Anchor Bay ups the tech spec ante by giving the aural elements a Dolby Digital 5.1 polish. There are some interesting directional facets (especially during a last act truck chase) and a nice level of spatial ambiance. We really believe we are on the deserted streets of Haddenfield late at night during the movie's more quiet moments. While the 2.0 Stereo mix is perfectly acceptable, go with the multi-channel offering. It really adds to the limited mood of this movie.
Adding a kind of metaphysical insult to some obvious cinematic injury, one of the worst efforts in the Halloween franchise gets a nice selection of bonus features, beginning with a pair of audio commentaries. First up is a discussion with actors Ellie Cornell and Danielle Harris. Both are relatively happy with their work in the film, and provide nostalgic anecdotes about the long nights, and odd situations they were often placed in. This is followed by another alternate narrative with writer Alan B. McElroy. Explaining his geekdom for the series (he loves Halloween II), the scribe does a decent job of convincing us that he only had the noblest of intentions when he jumpstarted the Michael Myers myth. Yet even with the occasional prodding of Halloweenmovies.com's Anthony Massey, there is still a little too much dead air during this discussion.
In addition, there is the 17 minute Making-Of featurette from the previous Special Edition release. Entitled Halloween 4: Final Cut, it offers Akkad, Little and several others speaking about the behind the scenes aspects of the production. We are also treated to a surreal cast panel from the 25th Anniversary Halloween Convention. Made up of 4's Danielle Harris, Kathleen Kinmot and Sasha Jenson and 5's Jeffrey Landman, this fan-based Q&A is a dorky delight. Reminiscent of those sketch show spoofs where overly obsessive followers ask all kind of uber-detailed inquiries, it's fun to watch Harris interact with the audience. As for the rest of the panel members…well, let's just say they seem less than enthusiastic about this trip down monster movie memory lane. Add in some trailers, and you've got a wonderful selection of supplements.

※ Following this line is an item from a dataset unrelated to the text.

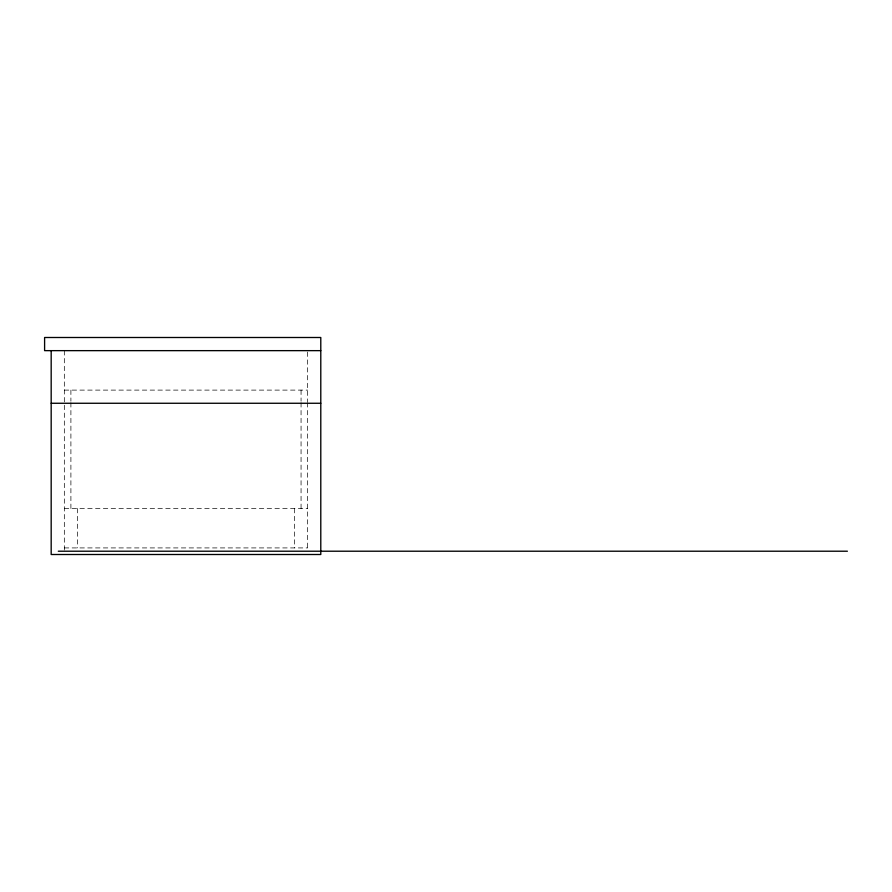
<?xml version="1.0" encoding="UTF-8"?>
<svg xmlns="http://www.w3.org/2000/svg" width="892" height="892" viewBox="0 0 892 892"><rect width="100%" height="100%" fill="white"/><g stroke="black" fill="none" stroke-linecap="round" stroke-linejoin="round"><path stroke-width="0.67" stroke-dasharray="4.46 3.34" d="M64.324 390.105L307.64 390.105M64.324 508.473L307.64 508.473M64.324 547.922L307.64 547.922M307.64 352.039L307.64 401.868M307.64 402.638L307.64 550.342M301.061 390.105L301.061 401.244M301.061 402.638L301.061 508.473M294.483 508.473L294.483 547.922M77.481 508.473L77.481 547.922M70.903 390.105L70.903 401.244M70.903 402.638L70.903 508.473M64.324 350.645L64.324 550.342"/><path stroke-width="1.34" d="M320.786 350.645L44.6 350.645L44.6 337.499L320.786 337.499L320.786 554.501L51.178 554.501L51.178 350.645M51.178 403.262L320.786 403.262M58.292 551.211L847.4 551.211"/></g></svg>

Though it's ineffectual scares and lack of a cohesive narrative would easily warrant a Skip It, the new Divimax version of Halloween 4: The Return of Michael Myers will receive a Rent It recommendation. It's more of a nod to the overall series than a clear indication of this film's particular entertainment value. There will be some who latch onto young Danielle Harris, turning her into an unlikely horror icon (considering how little she does) and there will be others who like the blood free (not to mention suspense free, logic free, characterization free, etc.) conceits of the filmmaking. Yet the sad fact is that, outside of the occasionally clever premise (Halloween H20's return of Laurie Strode, Halloween 6's Thorn cult), there was no real reason to continue on with this film franchise. While it may be macabre heresy to say it, Michael Myers is just not that effective as a scare symbol. In fact, more people remember Carpenter's masterful musical theme and the acting of Jamie Lee Curtis and Donald Pleasance than they do the importance of The Shape as a continuing character. As Halloween 4: The Return of Michael Myers bears out, this was one killing machine that should have been dismantled and mothballed long ago.